Revision is most effective when it is an ongoing process. When should you start revising for exams?
a) A few days before.
b) A couple of weeks before.
c) After each lecture and seminar.
The best answer is c, ‘After each lecture and seminar’. Of course you need to consolidate your learning in the days and weeks immediately before an exam, but you’ll be less stressed and better prepared if you revise as you go along.
What might this regular revision look like?
- If you haven’t already done so, get out your module handbook (or pull it up on your module VLE—Moodle, Blackboard, etc.) and read it carefully. There’s a very good chance you find sections on the aims of the unit and particular skills and/or themes to be covered. Make a list of these. Look back at your notes from the introductory sessions for your module, and note anything your lecturer(s) particularly emphasised in them. You only need to do this step once per term/module.
- After each seminar or lecture, take a few minutes to jot down notes on how that session furthered your understanding of the items in the list you made in step 1 (most sessions won’t cover all of them, just make notes on the ones that were covered). Organise this in the way that works best for you—a Word document, an Excel spreadsheet, a section of a paper notebook. Whatever form you choose, make sure you leave yourself ample space for each week’s activities and keep it safe. I tend to use electronic documents for this sort of thing, then I can save backup copies in my Google Drive or email them to myself—that way, it matters less if my computer crashes or I lose my flashdrive.

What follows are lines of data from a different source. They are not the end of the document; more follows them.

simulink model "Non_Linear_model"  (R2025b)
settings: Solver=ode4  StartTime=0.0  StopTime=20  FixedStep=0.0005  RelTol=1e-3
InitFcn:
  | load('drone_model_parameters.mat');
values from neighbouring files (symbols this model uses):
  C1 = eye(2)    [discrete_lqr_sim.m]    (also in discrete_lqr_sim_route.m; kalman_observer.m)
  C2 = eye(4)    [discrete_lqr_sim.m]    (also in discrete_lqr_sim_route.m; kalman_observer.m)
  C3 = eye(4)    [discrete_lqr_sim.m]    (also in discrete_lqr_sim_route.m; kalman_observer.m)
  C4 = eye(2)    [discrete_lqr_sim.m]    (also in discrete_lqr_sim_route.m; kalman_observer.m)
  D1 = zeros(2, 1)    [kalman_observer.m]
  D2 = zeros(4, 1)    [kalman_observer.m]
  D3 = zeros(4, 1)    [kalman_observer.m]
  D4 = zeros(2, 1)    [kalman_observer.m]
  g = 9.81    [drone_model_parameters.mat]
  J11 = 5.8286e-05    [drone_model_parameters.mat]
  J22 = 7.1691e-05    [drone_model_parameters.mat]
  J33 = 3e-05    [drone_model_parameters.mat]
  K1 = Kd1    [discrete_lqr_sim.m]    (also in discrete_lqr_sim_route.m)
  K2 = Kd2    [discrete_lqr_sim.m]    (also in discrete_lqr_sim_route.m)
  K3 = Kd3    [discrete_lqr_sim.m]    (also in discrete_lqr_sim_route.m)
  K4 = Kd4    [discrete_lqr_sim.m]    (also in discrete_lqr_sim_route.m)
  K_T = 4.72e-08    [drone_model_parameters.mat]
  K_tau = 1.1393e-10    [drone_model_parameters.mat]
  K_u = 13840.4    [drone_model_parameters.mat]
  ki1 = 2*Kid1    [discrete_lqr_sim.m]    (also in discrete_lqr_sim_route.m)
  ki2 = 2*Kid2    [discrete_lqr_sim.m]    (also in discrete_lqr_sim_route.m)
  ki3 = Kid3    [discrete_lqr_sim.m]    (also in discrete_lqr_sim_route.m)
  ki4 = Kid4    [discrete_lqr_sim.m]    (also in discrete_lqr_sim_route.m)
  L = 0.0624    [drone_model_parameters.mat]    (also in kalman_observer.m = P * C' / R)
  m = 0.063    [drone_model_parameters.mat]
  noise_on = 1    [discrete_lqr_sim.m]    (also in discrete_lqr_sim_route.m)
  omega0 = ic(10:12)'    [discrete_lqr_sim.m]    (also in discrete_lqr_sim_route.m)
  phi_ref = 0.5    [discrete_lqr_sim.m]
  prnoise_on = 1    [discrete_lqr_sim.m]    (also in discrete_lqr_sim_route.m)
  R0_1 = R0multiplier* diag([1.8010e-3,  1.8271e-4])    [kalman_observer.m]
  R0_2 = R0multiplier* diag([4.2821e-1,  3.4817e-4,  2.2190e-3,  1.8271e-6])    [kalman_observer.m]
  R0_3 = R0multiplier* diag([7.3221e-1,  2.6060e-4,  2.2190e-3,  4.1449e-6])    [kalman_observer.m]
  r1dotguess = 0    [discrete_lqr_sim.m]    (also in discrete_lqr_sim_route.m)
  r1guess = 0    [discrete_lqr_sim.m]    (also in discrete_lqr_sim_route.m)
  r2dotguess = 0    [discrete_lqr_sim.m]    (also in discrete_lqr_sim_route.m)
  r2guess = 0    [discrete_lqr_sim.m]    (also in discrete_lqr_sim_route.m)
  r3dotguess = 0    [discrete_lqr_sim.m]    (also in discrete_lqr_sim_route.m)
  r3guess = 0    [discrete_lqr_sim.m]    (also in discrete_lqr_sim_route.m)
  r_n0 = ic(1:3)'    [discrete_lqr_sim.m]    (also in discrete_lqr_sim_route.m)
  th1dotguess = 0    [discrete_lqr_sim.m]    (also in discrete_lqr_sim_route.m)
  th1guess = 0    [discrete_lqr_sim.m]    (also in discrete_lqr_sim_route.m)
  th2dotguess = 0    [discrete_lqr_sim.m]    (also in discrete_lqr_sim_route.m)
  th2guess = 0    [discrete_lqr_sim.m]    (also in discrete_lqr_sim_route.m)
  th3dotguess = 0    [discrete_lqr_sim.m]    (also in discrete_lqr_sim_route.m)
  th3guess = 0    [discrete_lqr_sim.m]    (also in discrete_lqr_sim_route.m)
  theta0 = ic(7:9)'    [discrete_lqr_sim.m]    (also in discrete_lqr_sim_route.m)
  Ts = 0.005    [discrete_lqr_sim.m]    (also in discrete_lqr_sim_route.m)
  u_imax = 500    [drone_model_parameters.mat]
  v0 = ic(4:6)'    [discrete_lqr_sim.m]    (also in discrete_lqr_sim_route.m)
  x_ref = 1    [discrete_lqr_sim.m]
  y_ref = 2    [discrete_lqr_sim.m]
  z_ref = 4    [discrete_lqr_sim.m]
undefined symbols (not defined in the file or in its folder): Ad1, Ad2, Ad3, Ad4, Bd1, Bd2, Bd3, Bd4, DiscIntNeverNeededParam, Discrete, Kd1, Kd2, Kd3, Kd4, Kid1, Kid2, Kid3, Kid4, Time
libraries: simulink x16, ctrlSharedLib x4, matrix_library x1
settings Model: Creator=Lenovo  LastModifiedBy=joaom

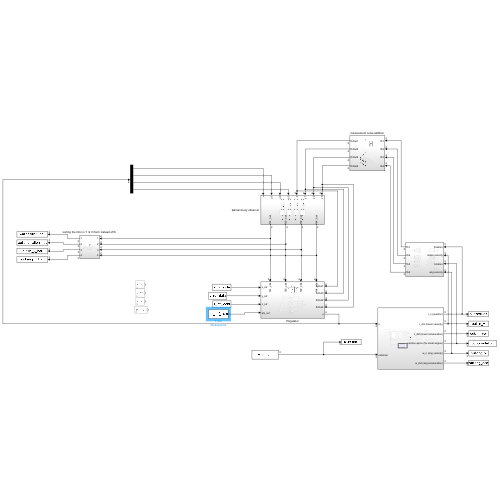
[thumbnail: Simulink's stored preview of the top-level diagram]
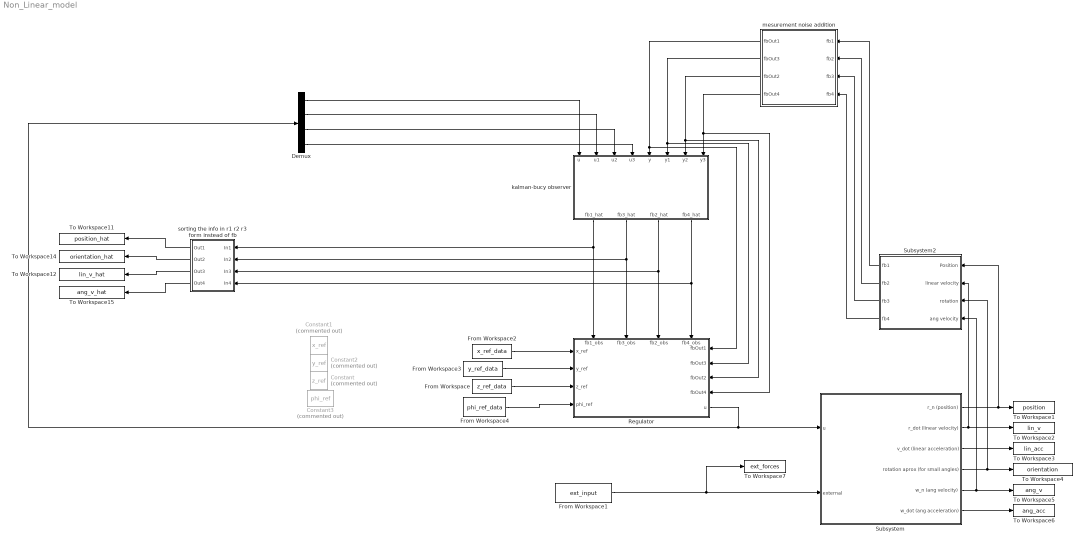
== system Non_Linear_model ==
  Constant : Constant  Commented=on  Value=z_ref
  Constant1 : Constant  Commented=on  Value=x_ref
  Constant2 : Constant  Commented=on  Value=y_ref
  Constant3 : Constant  Commented=on  Value=phi_ref
  Demux : Demux
  From Workspace : FromWorkspace  VariableName=z_ref_data  SampleTime=Ts  Interpolate=off  OutputAfterFinalValue=Holding final value
  From Workspace1 : FromWorkspace  VariableName=ext_input  SampleTime=0.01
  From Workspace2 : FromWorkspace  VariableName=x_ref_data  SampleTime=Ts  Interpolate=off  OutputAfterFinalValue=Holding final value
  From Workspace3 : FromWorkspace  VariableName=y_ref_data  SampleTime=Ts  Interpolate=off  OutputAfterFinalValue=Holding final value
  From Workspace4 : FromWorkspace  VariableName=phi_ref_data  SampleTime=Ts  Interpolate=off  OutputAfterFinalValue=Holding final value
  Regulator : Subsystem
      settings: PortSchema="{\"entries\":[{\"content\":{\"sides\":[{\"content\":{\"connectorIds\":[\"In1\",\"In2\",\"In3\",\"In4\"]},\"type\":\"ConnectorPlacement.EquallySpacedRectSide\",\"uuid\":\"b017568b-8a8c-41ec-878a-07ad52499eb1\"},{\"content\":{\"connectorIds\":[\"In9\",\"In10\",\"In11\",\"In12\",\"Out1\"],\"side\":\"RIGHT\"},\"type\":\"ConnectorPlacement.EquallySpacedRectSide\",\"uuid\":\"018e7ed3-6d8e-4146-8286-a6e4e64e27eb\"},{\"content\":{\"connectorIds\":[\"In5\",\"In6\",\"In7\",\"In8\"],\"side\":\"TOP\"},\"type\":\"ConnectorPlacement.EquallySpacedRectSide\",\"uuid\":\"74bee916-3a13-46de-9b7b-1c6e20b8f68c\"}]},\"type\":\"ConnectorPlacement.EquallySpacedConnector\",\"uuid\":\"c4290e45-5abb-401a-ab88-e47e173bbe8b\"}],\"packageUris\":[\"http://schema.mathworks.com/mf0/Connector/R2020b\"],\"version\":\"1.0\"}"
  Subsystem : Subsystem
  Subsystem2 : Subsystem
  To Workspace1 : ToWorkspace  VariableName=position  SaveFormat=Timeseries  SampleTime=-1
  To Workspace11 : ToWorkspace  VariableName=position_hat  SaveFormat=Timeseries  SampleTime=-1
  To Workspace12 : ToWorkspace  VariableName=lin_v_hat  SaveFormat=Timeseries  SampleTime=-1
  To Workspace14 : ToWorkspace  VariableName=orientation_hat  SaveFormat=Timeseries  SampleTime=-1
  To Workspace15 : ToWorkspace  VariableName=ang_v_hat  SaveFormat=Timeseries  SampleTime=-1
  To Workspace2 : ToWorkspace  VariableName=lin_v  SaveFormat=Timeseries  SampleTime=-1
  To Workspace3 : ToWorkspace  VariableName=lin_acc  SaveFormat=Timeseries  SampleTime=-1
  To Workspace4 : ToWorkspace  VariableName=orientation  SaveFormat=Timeseries  SampleTime=-1
  To Workspace5 : ToWorkspace  VariableName=ang_v  SaveFormat=Timeseries  SampleTime=-1
  To Workspace6 : ToWorkspace  VariableName=ang_acc  SaveFormat=Timeseries  SampleTime=-1
  To Workspace7 : ToWorkspace  VariableName=ext_forces  SaveFormat=Timeseries  SampleTime=-1
  kalman-bucy observer : Subsystem
  mesurement noise addition : Subsystem
  "sorting the info in r1 r2 r3 form instead of fb " : Subsystem
  wires:
  Subsystem/1(r_n (position)) -> Subsystem2/1(Position), To Workspace1/1
  From Workspace1/1 -> To Workspace7/1, Subsystem/2(external)
  Subsystem/2(r_dot (linear velocity)) -> Subsystem2/2(linear velocity), To Workspace2/1
  Subsystem/4(rotation aprox (for small angles)) -> Subsystem2/3(rotation), To Workspace4/1
  Subsystem/5(w_n (ang velocity)) -> Subsystem2/4(ang velocity), To Workspace5/1
  Subsystem/6(w_dot (ang acceleration)) -> To Workspace6/1
  Subsystem/3(v_dot (linear acceleration)) -> To Workspace3/1
  Subsystem2/1(fb1) -> mesurement noise addition/1(fb1)
  Subsystem2/4(fb4) -> mesurement noise addition/4(fb4)
  Subsystem2/2(fb2) -> mesurement noise addition/2(fb2)
  Subsystem2/3(fb3) -> mesurement noise addition/3(fb3)
  Regulator/1(u) -> Demux/1, Subsystem/1(u)
  kalman-bucy observer/2(fb3_hat) -> Regulator/6(fb3_obs), "sorting the info in r1 r2 r3 form instead of fb "/2(In2)
  kalman-bucy observer/4(fb4_hat) -> Regulator/8(fb4_obs), "sorting the info in r1 r2 r3 form instead of fb "/4(In4)
  kalman-bucy observer/1(fb1_hat) -> "sorting the info in r1 r2 r3 form instead of fb "/1(In1), Regulator/5(fb1_obs)
  kalman-bucy observer/3(fb2_hat) -> Regulator/7(fb2_obs), "sorting the info in r1 r2 r3 form instead of fb "/3(In3)
  Demux/1 -> kalman-bucy observer/1(u)
  Demux/2 -> kalman-bucy observer/2(u1)
  Demux/3 -> kalman-bucy observer/3(u2)
  Demux/4 -> kalman-bucy observer/4(u3)
  mesurement noise addition/1(fbOut1) -> Regulator/9(fbOut1), kalman-bucy observer/5(y)
  mesurement noise addition/2(fbOut3) -> kalman-bucy observer/6(y1), Regulator/10(fbOut3)
  mesurement noise addition/3(fbOut2) -> Regulator/11(fbOut2), kalman-bucy observer/7(y2)
  mesurement noise addition/4(fbOut4) -> Regulator/12(fbOut4), kalman-bucy observer/8(y3)
  "sorting the info in r1 r2 r3 form instead of fb "/1(Out1) -> To Workspace11/1
  "sorting the info in r1 r2 r3 form instead of fb "/2(Out2) -> To Workspace14/1
  "sorting the info in r1 r2 r3 form instead of fb "/3(Out3) -> To Workspace12/1
  "sorting the info in r1 r2 r3 form instead of fb "/4(Out4) -> To Workspace15/1
  From Workspace/1 -> Regulator/3(z_ref)
  From Workspace2/1 -> Regulator/1(x_ref)
  From Workspace3/1 -> Regulator/2(y_ref)
  From Workspace4/1 -> Regulator/4(phi_ref)

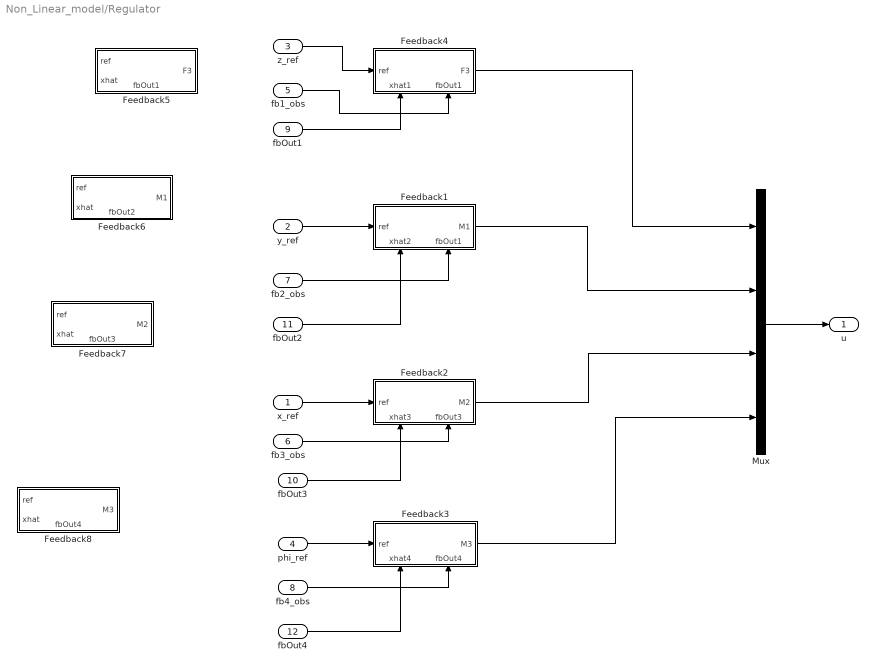
== system Non_Linear_model/Regulator ==
  x_ref : Inport
  y_ref : Inport  Port=2
  z_ref : Inport  Port=3
  phi_ref : Inport  Port=4
  fb1_obs : Inport  Port=5
  fb3_obs : Inport  Port=6
  fb2_obs : Inport  Port=7
  fb4_obs : Inport  Port=8
  fbOut1 : Inport  Port=9
  fbOut3 : Inport  Port=10
  fbOut2 : Inport  Port=11
  fbOut4 : Inport  Port=12
  Feedback1 : Subsystem
      settings: PortSchema="{\"entries\":[{\"content\":{\"sides\":[{\"content\":{\"connectorIds\":[\"In1\"]},\"type\":\"ConnectorPlacement.EquallySpacedRectSide\",\"uuid\":\"aba82e86-bea8-4dbe-bd28-9ad62cd22bb2\"},{\"content\":{\"connectorIds\":[\"Out1\"],\"side\":\"RIGHT\"},\"type\":\"ConnectorPlacement.EquallySpacedRectSide\",\"uuid\":\"b9660f25-9aef-4e33-a3fc-d60fed6e24dc\"},{\"content\":{\"side\":\"TOP\"},\"type\":\"ConnectorPlacement.EquallySpacedRectSide\",\"uuid\":\"520dc5b8-c3fb-4c94-bc3e-8116f0c42e5c\"},{\"content\":{\"connectorIds\":[\"In2\",\"In3\"],\"side\":\"BOTTOM\"},\"type\":\"ConnectorPlacement.EquallySpacedRectSide\",\"uuid\":\"509659e9-0bbe-4dc2-b074-77c88f2e837f\"}]},\"type\":\"ConnectorPlacement.EquallySpacedConnector\",\"uuid\":\"8dbbef18-a5c6-49c9-a4be-aa5f49d61e17\"}],\"packageUris\":[\"http://schema.mathworks.com/mf0/Connector/R2020b\"],\"version\":\"1.0\"}"
  Feedback2 : Subsystem
      settings: PortSchema="{\"entries\":[{\"content\":{\"sides\":[{\"content\":{\"connectorIds\":[\"In1\"]},\"type\":\"ConnectorPlacement.EquallySpacedRectSide\",\"uuid\":\"aba82e86-bea8-4dbe-bd28-9ad62cd22bb2\"},{\"content\":{\"connectorIds\":[\"Out1\"],\"side\":\"RIGHT\"},\"type\":\"ConnectorPlacement.EquallySpacedRectSide\",\"uuid\":\"b9660f25-9aef-4e33-a3fc-d60fed6e24dc\"},{\"content\":{\"side\":\"TOP\"},\"type\":\"ConnectorPlacement.EquallySpacedRectSide\",\"uuid\":\"520dc5b8-c3fb-4c94-bc3e-8116f0c42e5c\"},{\"content\":{\"connectorIds\":[\"In2\",\"In3\"],\"side\":\"BOTTOM\"},\"type\":\"ConnectorPlacement.EquallySpacedRectSide\",\"uuid\":\"509659e9-0bbe-4dc2-b074-77c88f2e837f\"}]},\"type\":\"ConnectorPlacement.EquallySpacedConnector\",\"uuid\":\"8dbbef18-a5c6-49c9-a4be-aa5f49d61e17\"}],\"packageUris\":[\"http://schema.mathworks.com/mf0/Connector/R2020b\"],\"version\":\"1.0\"}"
  Feedback3 : Subsystem
      settings: PortSchema="{\"entries\":[{\"content\":{\"sides\":[{\"content\":{\"connectorIds\":[\"In1\"]},\"type\":\"ConnectorPlacement.EquallySpacedRectSide\",\"uuid\":\"aba82e86-bea8-4dbe-bd28-9ad62cd22bb2\"},{\"content\":{\"connectorIds\":[\"Out1\"],\"side\":\"RIGHT\"},\"type\":\"ConnectorPlacement.EquallySpacedRectSide\",\"uuid\":\"b9660f25-9aef-4e33-a3fc-d60fed6e24dc\"},{\"content\":{\"side\":\"TOP\"},\"type\":\"ConnectorPlacement.EquallySpacedRectSide\",\"uuid\":\"520dc5b8-c3fb-4c94-bc3e-8116f0c42e5c\"},{\"content\":{\"connectorIds\":[\"In2\",\"In3\"],\"side\":\"BOTTOM\"},\"type\":\"ConnectorPlacement.EquallySpacedRectSide\",\"uuid\":\"509659e9-0bbe-4dc2-b074-77c88f2e837f\"}]},\"type\":\"ConnectorPlacement.EquallySpacedConnector\",\"uuid\":\"8dbbef18-a5c6-49c9-a4be-aa5f49d61e17\"}],\"packageUris\":[\"http://schema.mathworks.com/mf0/Connector/R2020b\"],\"version\":\"1.0\"}"
  Feedback4 : Subsystem
      settings: PortSchema="{\"entries\":[{\"content\":{\"sides\":[{\"content\":{\"connectorIds\":[\"In1\"]},\"type\":\"ConnectorPlacement.EquallySpacedRectSide\",\"uuid\":\"aba82e86-bea8-4dbe-bd28-9ad62cd22bb2\"},{\"content\":{\"connectorIds\":[\"Out1\"],\"side\":\"RIGHT\"},\"type\":\"ConnectorPlacement.EquallySpacedRectSide\",\"uuid\":\"b9660f25-9aef-4e33-a3fc-d60fed6e24dc\"},{\"content\":{\"side\":\"TOP\"},\"type\":\"ConnectorPlacement.EquallySpacedRectSide\",\"uuid\":\"520dc5b8-c3fb-4c94-bc3e-8116f0c42e5c\"},{\"content\":{\"connectorIds\":[\"In2\",\"In3\"],\"side\":\"BOTTOM\"},\"type\":\"ConnectorPlacement.EquallySpacedRectSide\",\"uuid\":\"509659e9-0bbe-4dc2-b074-77c88f2e837f\"}]},\"type\":\"ConnectorPlacement.EquallySpacedConnector\",\"uuid\":\"8dbbef18-a5c6-49c9-a4be-aa5f49d61e17\"}],\"packageUris\":[\"http://schema.mathworks.com/mf0/Connector/R2020b\"],\"version\":\"1.0\"}"
  Feedback5 : Subsystem
      settings: PortSchema="{\"entries\":[{\"content\":{\"sides\":[{\"content\":{\"connectorIds\":[\"In1\",\"In2\"]},\"type\":\"ConnectorPlacement.EquallySpacedRectSide\",\"uuid\":\"aba82e86-bea8-4dbe-bd28-9ad62cd22bb2\"},{\"content\":{\"connectorIds\":[\"Out1\"],\"side\":\"RIGHT\"},\"type\":\"ConnectorPlacement.EquallySpacedRectSide\",\"uuid\":\"b9660f25-9aef-4e33-a3fc-d60fed6e24dc\"},{\"content\":{\"side\":\"TOP\"},\"type\":\"ConnectorPlacement.EquallySpacedRectSide\",\"uuid\":\"520dc5b8-c3fb-4c94-bc3e-8116f0c42e5c\"},{\"content\":{\"connectorIds\":[\"In3\"],\"side\":\"BOTTOM\"},\"type\":\"ConnectorPlacement.EquallySpacedRectSide\",\"uuid\":\"509659e9-0bbe-4dc2-b074-77c88f2e837f\"}]},\"type\":\"ConnectorPlacement.EquallySpacedConnector\",\"uuid\":\"8dbbef18-a5c6-49c9-a4be-aa5f49d61e17\"}],\"packageUris\":[\"http://schema.mathworks.com/mf0/Connector/R2020b\"],\"version\":\"1.0\"}"
  Feedback6 : Subsystem
      settings: PortSchema="{\"entries\":[{\"content\":{\"sides\":[{\"content\":{\"connectorIds\":[\"In1\",\"In2\"]},\"type\":\"ConnectorPlacement.EquallySpacedRectSide\",\"uuid\":\"aba82e86-bea8-4dbe-bd28-9ad62cd22bb2\"},{\"content\":{\"connectorIds\":[\"Out1\"],\"side\":\"RIGHT\"},\"type\":\"ConnectorPlacement.EquallySpacedRectSide\",\"uuid\":\"b9660f25-9aef-4e33-a3fc-d60fed6e24dc\"},{\"content\":{\"side\":\"TOP\"},\"type\":\"ConnectorPlacement.EquallySpacedRectSide\",\"uuid\":\"520dc5b8-c3fb-4c94-bc3e-8116f0c42e5c\"},{\"content\":{\"connectorIds\":[\"In3\"],\"side\":\"BOTTOM\"},\"type\":\"ConnectorPlacement.EquallySpacedRectSide\",\"uuid\":\"a00a08e2-44b3-416a-93b7-b628ef6af78f\"}]},\"type\":\"ConnectorPlacement.EquallySpacedConnector\",\"uuid\":\"8dbbef18-a5c6-49c9-a4be-aa5f49d61e17\"}],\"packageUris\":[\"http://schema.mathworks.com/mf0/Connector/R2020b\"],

- While you have your revision document or notebook open, make a few notes about how the session you just attended relates to the sessions that came before it.
- Do you have questions about anything that was covered? Good! Jot those down, try to find answers the next time you’re in the library, and raise them in your next seminar or tutorial.
If you complete these steps as you work through your module, you’ll be in an excellent position when it’s time to consolidate your knowledge just prior to the exam. You will have:
- Considered how the module content helps you achieve the module’s aims.
- Made clear notes of each discussion or lecture on any given theme or skill covered in the Module—this means no more searching through pages of seminar or lecture notes trying to remember when something was covered. If you simply date your revision entries and your notes, it will be easy to find what you need.
- Developed an understanding of how the different parts of the unit fit together. It’s important to do this while things are fresh in your mind, and having these notes will make it easier to prepare for discursive essay questions.
- Identified any weaknesses in your understanding of the module and any points of confusion. Identifying these things will enable you to ask specific questions in any revision seminars or tutorials offered by your lecturers. Lecturers want to help their students, but there’s little we can do when students come to us and say ‘I don’t get it’ without explaining what ‘it’ is.